Would Jia be alive if she hadn’t been able to pursue the wolf through the forest as fast as she had, knowing in advance where every rock, root, and ridge was, which led to Mo Yuan and Zhe Yan following her to them all the faster?

Mo Yuan.

She would likely never have met him had Zhe Yan not heard of a silver moon orchid that could possibly help his ‘blind’ friend; the flower that bloomed in the darkness according to the poem her father read. 

Was she that flower? It didn’t matter in the end, Bai Qian realized.  For her heart and her soul were now indeed carried by a dragon.

Mo Yuan, who’d been holding her hand this whole time, said not a word as she slowly pulled his towards her chest.

But his breathing quickened and his body gave a jolt when she slipped his hand through the opening of her cloak and the front folds of her gown to settle on the skin over her heart.

“I am not blind, Mo Yuan, if I consider that otherwise I may never have known you and may never have known what truly falling in love is.”  

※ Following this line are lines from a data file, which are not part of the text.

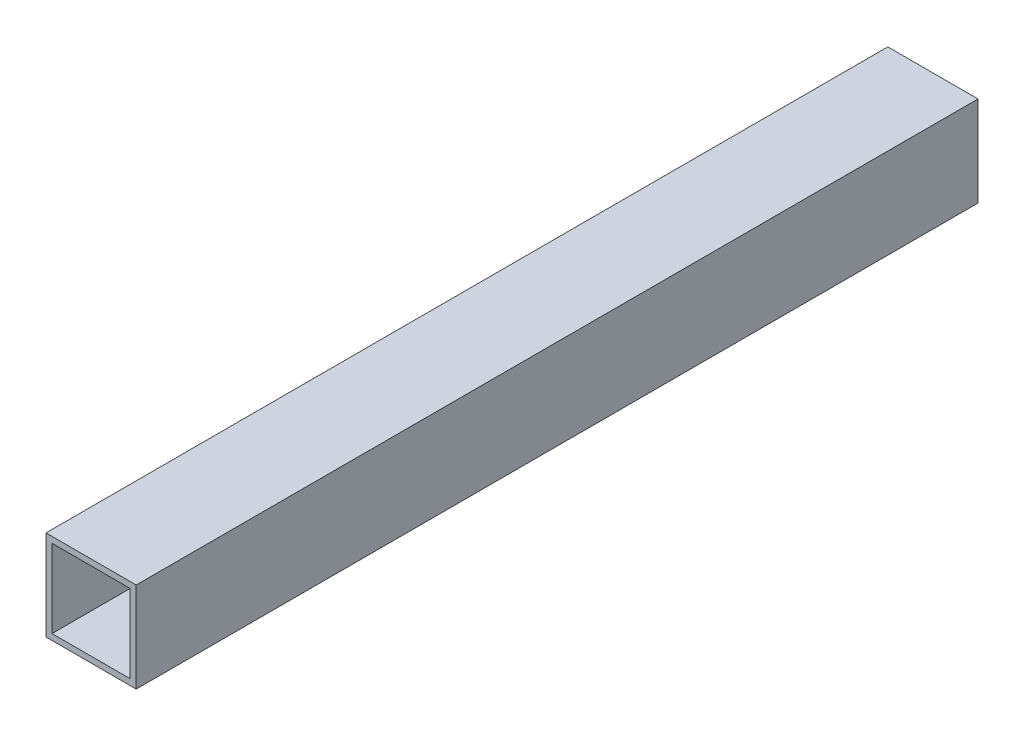
ISO-10303-21;
HEADER;
FILE_DESCRIPTION(('STEP AP214'),'2;1');
FILE_NAME('part.step','',(''),(''),'','','');
FILE_SCHEMA(('AUTOMOTIVE_DESIGN { 1 0 10303 214 1 1 1 1 }'));
ENDSEC;
DATA;
#1=APPLICATION_CONTEXT('core data for automotive mechanical design processes');
#2=APPLICATION_PROTOCOL_DEFINITION('international standard','automotive_design',2000,#1);
#3=PRODUCT_CONTEXT('',#1,'mechanical');
#4=PRODUCT('Part','Part','',(#3));
#5=PRODUCT_RELATED_PRODUCT_CATEGORY('part','',(#4));
#6=PRODUCT_DEFINITION_FORMATION('','',#4);
#7=PRODUCT_DEFINITION_CONTEXT('part definition',#1,'design');
#8=PRODUCT_DEFINITION('design','',#6,#7);
#9=PRODUCT_DEFINITION_SHAPE('','',#8);
#10=(LENGTH_UNIT() NAMED_UNIT(*) SI_UNIT(.MILLI.,.METRE.));
#11=(NAMED_UNIT(*) PLANE_ANGLE_UNIT() SI_UNIT($,.RADIAN.));
#12=(NAMED_UNIT(*) SI_UNIT($,.STERADIAN.) SOLID_ANGLE_UNIT());
#13=UNCERTAINTY_MEASURE_WITH_UNIT(LENGTH_MEASURE(1.E-05),#10,'distance_accuracy_value','');
#14=(GEOMETRIC_REPRESENTATION_CONTEXT(3) GLOBAL_UNCERTAINTY_ASSIGNED_CONTEXT((#13)) GLOBAL_UNIT_ASSIGNED_CONTEXT((#10,
#11,#12)) REPRESENTATION_CONTEXT('',''));
#15=CARTESIAN_POINT('',(0.,0.,0.));
#16=DIRECTION('',(0.,0.,1.));
#17=DIRECTION('',(1.,0.,0.));
#18=AXIS2_PLACEMENT_3D('',#15,#16,#17);
#19=CARTESIAN_POINT('',(0.,0.,140.));
#20=DIRECTION('',(0.,0.,-1.));
#21=DIRECTION('',(-1.,0.,0.));
#22=AXIS2_PLACEMENT_3D('',#19,#20,#21);
#23=PLANE('',#22);
#24=DIRECTION('',(0.,1.,0.));
#25=VECTOR('',#24,1.);
#26=CARTESIAN_POINT('',(7.5,-7.5,140.));
#27=LINE('',#26,#25);
#28=CARTESIAN_POINT('',(7.5,-7.5,140.));
#29=VERTEX_POINT('',#28);
#30=CARTESIAN_POINT('',(7.5,7.5,140.));
#31=VERTEX_POINT('',#30);
#32=EDGE_CURVE('E143',#29,#31,#27,.T.);
#33=ORIENTED_EDGE('',*,*,#32,.T.);
#34=DIRECTION('',(-1.,0.,0.));
#35=VECTOR('',#34,1.);
#36=CARTESIAN_POINT('',(-7.5,7.5,140.));
#37=LINE('',#36,#35);
#38=CARTESIAN_POINT('',(-7.5,7.5,140.));
#39=VERTEX_POINT('',#38);
#40=EDGE_CURVE('E150',#31,#39,#37,.T.);
#41=ORIENTED_EDGE('',*,*,#40,.T.);
#42=DIRECTION('',(0.,-1.,0.));
#43=VECTOR('',#42,1.);
#44=CARTESIAN_POINT('',(-7.5,-7.5,140.));
#45=LINE('',#44,#43);
#46=CARTESIAN_POINT('',(-7.5,-7.5,140.));
#47=VERTEX_POINT('',#46);
#48=EDGE_CURVE('E148',#39,#47,#45,.T.);
#49=ORIENTED_EDGE('',*,*,#48,.T.);
#50=DIRECTION('',(1.,0.,0.));
#51=VECTOR('',#50,1.);
#52=CARTESIAN_POINT('',(-7.5,-7.5,140.));
#53=LINE('',#52,#51);
#54=EDGE_CURVE('E152',#47,#29,#53,.T.);
#55=ORIENTED_EDGE('',*,*,#54,.T.);
#56=EDGE_LOOP('',(#33,#41,#49,#55));
#57=FACE_BOUND('',#56,.T.);
#58=DIRECTION('',(0.,-1.,0.));
#59=VECTOR('',#58,1.);
#60=CARTESIAN_POINT('',(-6.5,-6.5,140.));
#61=LINE('',#60,#59);
#62=CARTESIAN_POINT('',(-6.5,6.5,140.));
#63=VERTEX_POINT('',#62);
#64=CARTESIAN_POINT('',(-6.5,-6.5,140.));
#65=VERTEX_POINT('',#64);
#66=EDGE_CURVE('E109',#63,#65,#61,.T.);
#67=ORIENTED_EDGE('',*,*,#66,.F.);
#68=DIRECTION('',(-1.,0.,0.));
#69=VECTOR('',#68,1.);
#70=CARTESIAN_POINT('',(-6.5,6.5,140.));
#71=LINE('',#70,#69);
#72=CARTESIAN_POINT('',(6.5,6.5,140.));
#73=VERTEX_POINT('',#72);
#74=EDGE_CURVE('E127',#73,#63,#71,.T.);
#75=ORIENTED_EDGE('',*,*,#74,.F.);
#76=DIRECTION('',(0.,1.,0.));
#77=VECTOR('',#76,1.);
#78=CARTESIAN_POINT('',(6.5,-6.5,140.));
#79=LINE('',#78,#77);
#80=CARTESIAN_POINT('',(6.5,-6.5,140.));
#81=VERTEX_POINT('',#80);
#82=EDGE_CURVE('E126',#81,#73,#79,.T.);
#83=ORIENTED_EDGE('',*,*,#82,.F.);
#84=DIRECTION('',(1.,0.,0.));
#85=VECTOR('',#84,1.);
#86=CARTESIAN_POINT('',(-6.5,-6.5,140.));
#87=LINE('',#86,#85);
#88=EDGE_CURVE('E116',#65,#81,#87,.T.);
#89=ORIENTED_EDGE('',*,*,#88,.F.);
#90=EDGE_LOOP('',(#67,#75,#83,#89));
#91=FACE_BOUND('',#90,.T.);
#92=ADVANCED_FACE('F43',(#57,#91),#23,.F.);
#93=CARTESIAN_POINT('',(0.,0.,0.));
#94=DIRECTION('',(0.,0.,-1.));
#95=DIRECTION('',(-1.,0.,0.));
#96=AXIS2_PLACEMENT_3D('',#93,#94,#95);
#97=PLANE('',#96);
#98=DIRECTION('',(0.,1.,0.));
#99=VECTOR('',#98,1.);
#100=CARTESIAN_POINT('',(7.5,-7.5,0.));
#101=LINE('',#100,#99);
#102=CARTESIAN_POINT('',(7.5,-7.5,0.));
#103=VERTEX_POINT('',#102);
#104=CARTESIAN_POINT('',(7.5,7.5,0.));
#105=VERTEX_POINT('',#104);
#106=EDGE_CURVE('E125',#103,#105,#101,.T.);
#107=ORIENTED_EDGE('',*,*,#106,.F.);
#108=DIRECTION('',(1.,0.,0.));
#109=VECTOR('',#108,1.);
#110=CARTESIAN_POINT('',(-7.5,-7.5,0.));
#111=LINE('',#110,#109);
#112=CARTESIAN_POINT('',(-7.5,-7.5,0.));
#113=VERTEX_POINT('',#112);
#114=EDGE_CURVE('E149',#113,#103,#111,.T.);
#115=ORIENTED_EDGE('',*,*,#114,.F.);
#116=DIRECTION('',(0.,-1.,0.));
#117=VECTOR('',#116,1.);
#118=CARTESIAN_POINT('',(-7.5,-7.5,0.));
#119=LINE('',#118,#117);
#120=CARTESIAN_POINT('',(-7.5,7.5,0.));
#121=VERTEX_POINT('',#120);
#122=EDGE_CURVE('E159',#121,#113,#119,.T.);
#123=ORIENTED_EDGE('',*,*,#122,.F.);
#124=DIRECTION('',(-1.,0.,0.));
#125=VECTOR('',#124,1.);
#126=CARTESIAN_POINT('',(-7.5,7.5,0.));
#127=LINE('',#126,#125);
#128=EDGE_CURVE('E160',#105,#121,#127,.T.);
#129=ORIENTED_EDGE('',*,*,#128,.F.);
#130=EDGE_LOOP('',(#107,#115,#123,#129));
#131=FACE_BOUND('',#130,.T.);
#132=DIRECTION('',(-1.,0.,0.));
#133=VECTOR('',#132,1.);
#134=CARTESIAN_POINT('',(-6.5,6.5,0.));
#135=LINE('',#134,#133);
#136=CARTESIAN_POINT('',(6.5,6.5,0.));
#137=VERTEX_POINT('',#136);
#138=CARTESIAN_POINT('',(-6.5,6.5,0.));
#139=VERTEX_POINT('',#138);
#140=EDGE_CURVE('E117',#137,#139,#135,.T.);
#141=ORIENTED_EDGE('',*,*,#140,.T.);
#142=DIRECTION('',(0.,-1.,0.));
#143=VECTOR('',#142,1.);
#144=CARTESIAN_POINT('',(-6.5,-6.5,0.));
#145=LINE('',#144,#143);
#146=CARTESIAN_POINT('',(-6.5,-6.5,0.));
#147=VERTEX_POINT('',#146);
#148=EDGE_CURVE('E67',#139,#147,#145,.T.);
#149=ORIENTED_EDGE('',*,*,#148,.T.);
#150=DIRECTION('',(1.,0.,0.));
#151=VECTOR('',#150,1.);
#152=CARTESIAN_POINT('',(-6.5,-6.5,0.));
#153=LINE('',#152,#151);
#154=CARTESIAN_POINT('',(6.5,-6.5,0.));
#155=VERTEX_POINT('',#154);
#156=EDGE_CURVE('E121',#147,#155,#153,.T.);
#157=ORIENTED_EDGE('',*,*,#156,.T.);
#158=DIRECTION('',(0.,1.,0.));
#159=VECTOR('',#158,1.);
#160=CARTESIAN_POINT('',(6.5,-6.5,0.));
#161=LINE('',#160,#159);
#162=EDGE_CURVE('E136',#155,#137,#161,.T.);
#163=ORIENTED_EDGE('',*,*,#162,.T.);
#164=EDGE_LOOP('',(#141,#149,#157,#163));
#165=FACE_BOUND('',#164,.T.);
#166=ADVANCED_FACE('F180',(#131,#165),#97,.T.);
#167=CARTESIAN_POINT('',(7.5,-7.5,140.));
#168=DIRECTION('',(-1.,0.,0.));
#169=DIRECTION('',(0.,0.,1.));
#170=AXIS2_PLACEMENT_3D('',#167,#168,#169);
#171=PLANE('',#170);
#172=ORIENTED_EDGE('',*,*,#106,.T.);
#173=DIRECTION('',(0.,0.,-1.));
#174=VECTOR('',#173,1.);
#175=CARTESIAN_POINT('',(7.5,7.5,140.));
#176=LINE('',#175,#174);
#177=EDGE_CURVE('E11',#31,#105,#176,.T.);
#178=ORIENTED_EDGE('',*,*,#177,.F.);
#179=ORIENTED_EDGE('',*,*,#32,.F.);
#180=DIRECTION('',(0.,0.,-1.));
#181=VECTOR('',#180,1.);
#182=CARTESIAN_POINT('',(7.5,-7.5,140.));
#183=LINE('',#182,#181);
#184=EDGE_CURVE('E153',#29,#103,#183,.T.);
#185=ORIENTED_EDGE('',*,*,#184,.T.);
#186=EDGE_LOOP('',(#172,#178,#179,#185));
#187=FACE_BOUND('',#186,.T.);
#188=ADVANCED_FACE('F44',(#187),#171,.F.);
#189=CARTESIAN_POINT('',(-7.5,7.5,140.));
#190=DIRECTION('',(0.,-1.,0.));
#191=DIRECTION('',(0.,0.,-1.));
#192=AXIS2_PLACEMENT_3D('',#189,#190,#191);
#193=PLANE('',#192);
#194=ORIENTED_EDGE('',*,*,#128,.T.);
#195=DIRECTION('',(0.,0.,-1.));
#196=VECTOR('',#195,1.);
#197=CARTESIAN_POINT('',(-7.5,7.5,140.));
#198=LINE('',#197,#196);
#199=EDGE_CURVE('E51',#39,#121,#198,.T.);
#200=ORIENTED_EDGE('',*,*,#199,.F.);
#201=ORIENTED_EDGE('',*,*,#40,.F.);
#202=ORIENTED_EDGE('',*,*,#177,.T.);
#203=EDGE_LOOP('',(#194,#200,#201,#202));
#204=FACE_BOUND('',#203,.T.);
#205=ADVANCED_FACE('F190',(#204),#193,.F.);
#206=CARTESIAN_POINT('',(-7.5,-7.5,140.));
#207=DIRECTION('',(1.,0.,0.));
#208=DIRECTION('',(0.,0.,-1.));
#209=AXIS2_PLACEMENT_3D('',#206,#207,#208);
#210=PLANE('',#209);
#211=ORIENTED_EDGE('',*,*,#122,.T.);
#212=DIRECTION('',(0.,0.,-1.));
#213=VECTOR('',#212,1.);
#214=CARTESIAN_POINT('',(-7.5,-7.5,140.));
#215=LINE('',#214,#213);
#216=EDGE_CURVE('E163',#47,#113,#215,.T.);
#217=ORIENTED_EDGE('',*,*,#216,.F.);
#218=ORIENTED_EDGE('',*,*,#48,.F.);
#219=ORIENTED_EDGE('',*,*,#199,.T.);
#220=EDGE_LOOP('',(#211,#217,#218,#219));
#221=FACE_BOUND('',#220,.T.);
#222=ADVANCED_FACE('F173',(#221),#210,.F.);
#223=CARTESIAN_POINT('',(-7.5,-7.5,140.));
#224=DIRECTION('',(0.,1.,0.));
#225=DIRECTION('',(0.,0.,1.));
#226=AXIS2_PLACEMENT_3D('',#223,#224,#225);
#227=PLANE('',#226);
#228=ORIENTED_EDGE('',*,*,#114,.T.);
#229=ORIENTED_EDGE('',*,*,#184,.F.);
#230=ORIENTED_EDGE('',*,*,#54,.F.);
#231=ORIENTED_EDGE('',*,*,#216,.T.);
#232=EDGE_LOOP('',(#228,#229,#230,#231));
#233=FACE_BOUND('',#232,.T.);
#234=ADVANCED_FACE('F181',(#233),#227,.F.);
#235=CARTESIAN_POINT('',(-6.5,-6.5,140.));
#236=DIRECTION('',(1.,0.,0.));
#237=DIRECTION('',(0.,0.,-1.));
#238=AXIS2_PLACEMENT_3D('',#235,#236,#237);
#239=PLANE('',#238);
#240=ORIENTED_EDGE('',*,*,#148,.F.);
#241=DIRECTION('',(0.,0.,-1.));
#242=VECTOR('',#241,1.);
#243=CARTESIAN_POINT('',(-6.5,6.5,140.));
#244=LINE('',#243,#242);
#245=EDGE_CURVE('E115',#63,#139,#244,.T.);
#246=ORIENTED_EDGE('',*,*,#245,.F.);
#247=ORIENTED_EDGE('',*,*,#66,.T.);
#248=DIRECTION('',(0.,0.,-1.));
#249=VECTOR('',#248,1.);
#250=CARTESIAN_POINT('',(-6.5,-6.5,140.));
#251=LINE('',#250,#249);
#252=EDGE_CURVE('E112',#65,#147,#251,.T.);
#253=ORIENTED_EDGE('',*,*,#252,.T.);
#254=EDGE_LOOP('',(#240,#246,#247,#253));
#255=FACE_BOUND('',#254,.T.);
#256=ADVANCED_FACE('F110',(#255),#239,.T.);
#257=CARTESIAN_POINT('',(-6.5,-6.5,140.));
#258=DIRECTION('',(0.,1.,0.));
#259=DIRECTION('',(0.,0.,1.));
#260=AXIS2_PLACEMENT_3D('',#257,#258,#259);
#261=PLANE('',#260);
#262=ORIENTED_EDGE('',*,*,#156,.F.);
#263=ORIENTED_EDGE('',*,*,#252,.F.);
#264=ORIENTED_EDGE('',*,*,#88,.T.);
#265=DIRECTION('',(0.,0.,-1.));
#266=VECTOR('',#265,1.);
#267=CARTESIAN_POINT('',(6.5,-6.5,140.));
#268=LINE('',#267,#266);
#269=EDGE_CURVE('E124',#81,#155,#268,.T.);
#270=ORIENTED_EDGE('',*,*,#269,.T.);
#271=EDGE_LOOP('',(#262,#263,#264,#270));
#272=FACE_BOUND('',#271,.T.);
#273=ADVANCED_FACE('F120',(#272),#261,.T.);
#274=CARTESIAN_POINT('',(6.5,-6.5,140.));
#275=DIRECTION('',(-1.,0.,0.));
#276=DIRECTION('',(0.,-1.,0.));
#277=AXIS2_PLACEMENT_3D('',#274,#275,#276);
#278=PLANE('',#277);
#279=ORIENTED_EDGE('',*,*,#162,.F.);
#280=ORIENTED_EDGE('',*,*,#269,.F.);
#281=ORIENTED_EDGE('',*,*,#82,.T.);
#282=DIRECTION('',(0.,0.,-1.));
#283=VECTOR('',#282,1.);
#284=CARTESIAN_POINT('',(6.5,6.5,140.));
#285=LINE('',#284,#283);
#286=EDGE_CURVE('E59',#73,#137,#285,.T.);
#287=ORIENTED_EDGE('',*,*,#286,.T.);
#288=EDGE_LOOP('',(#279,#280,#281,#287));
#289=FACE_BOUND('',#288,.T.);
#290=ADVANCED_FACE('F210',(#289),#278,.T.);
#291=CARTESIAN_POINT('',(-6.5,6.5,140.));
#292=DIRECTION('',(0.,-1.,0.));
#293=DIRECTION('',(1.,0.,0.));
#294=AXIS2_PLACEMENT_3D('',#291,#292,#293);
#295=PLANE('',#294);
#296=ORIENTED_EDGE('',*,*,#140,.F.);
#297=ORIENTED_EDGE('',*,*,#286,.F.);
#298=ORIENTED_EDGE('',*,*,#74,.T.);
#299=ORIENTED_EDGE('',*,*,#245,.T.);
#300=EDGE_LOOP('',(#296,#297,#298,#299));
#301=FACE_BOUND('',#300,.T.);
#302=ADVANCED_FACE('F215',(#301),#295,.T.);
#303=CLOSED_SHELL('',(#92,#166,#188,#205,#222,#234,#256,#273,#290,#302));
#304=MANIFOLD_SOLID_BREP('B2',#303);
#305=ADVANCED_BREP_SHAPE_REPRESENTATION('',(#18,#304),#14);
#306=SHAPE_DEFINITION_REPRESENTATION(#9,#305);
ENDSEC;
END-ISO-10303-21;

And as Mo Yuan had done with her back at his chambers when she’d questioned his intentions after the attack, Bai Qian exposed the raw essence of her soul to him so he may know the truth of her words and the truth of her feelings.

“I love you, Mo Yuan.”

His hand withdrew quickly and he embraced her in his arms. 

“As I love you, Bai Qian,” Mo Yuan whispered against her mouth, his lips softly taking hers.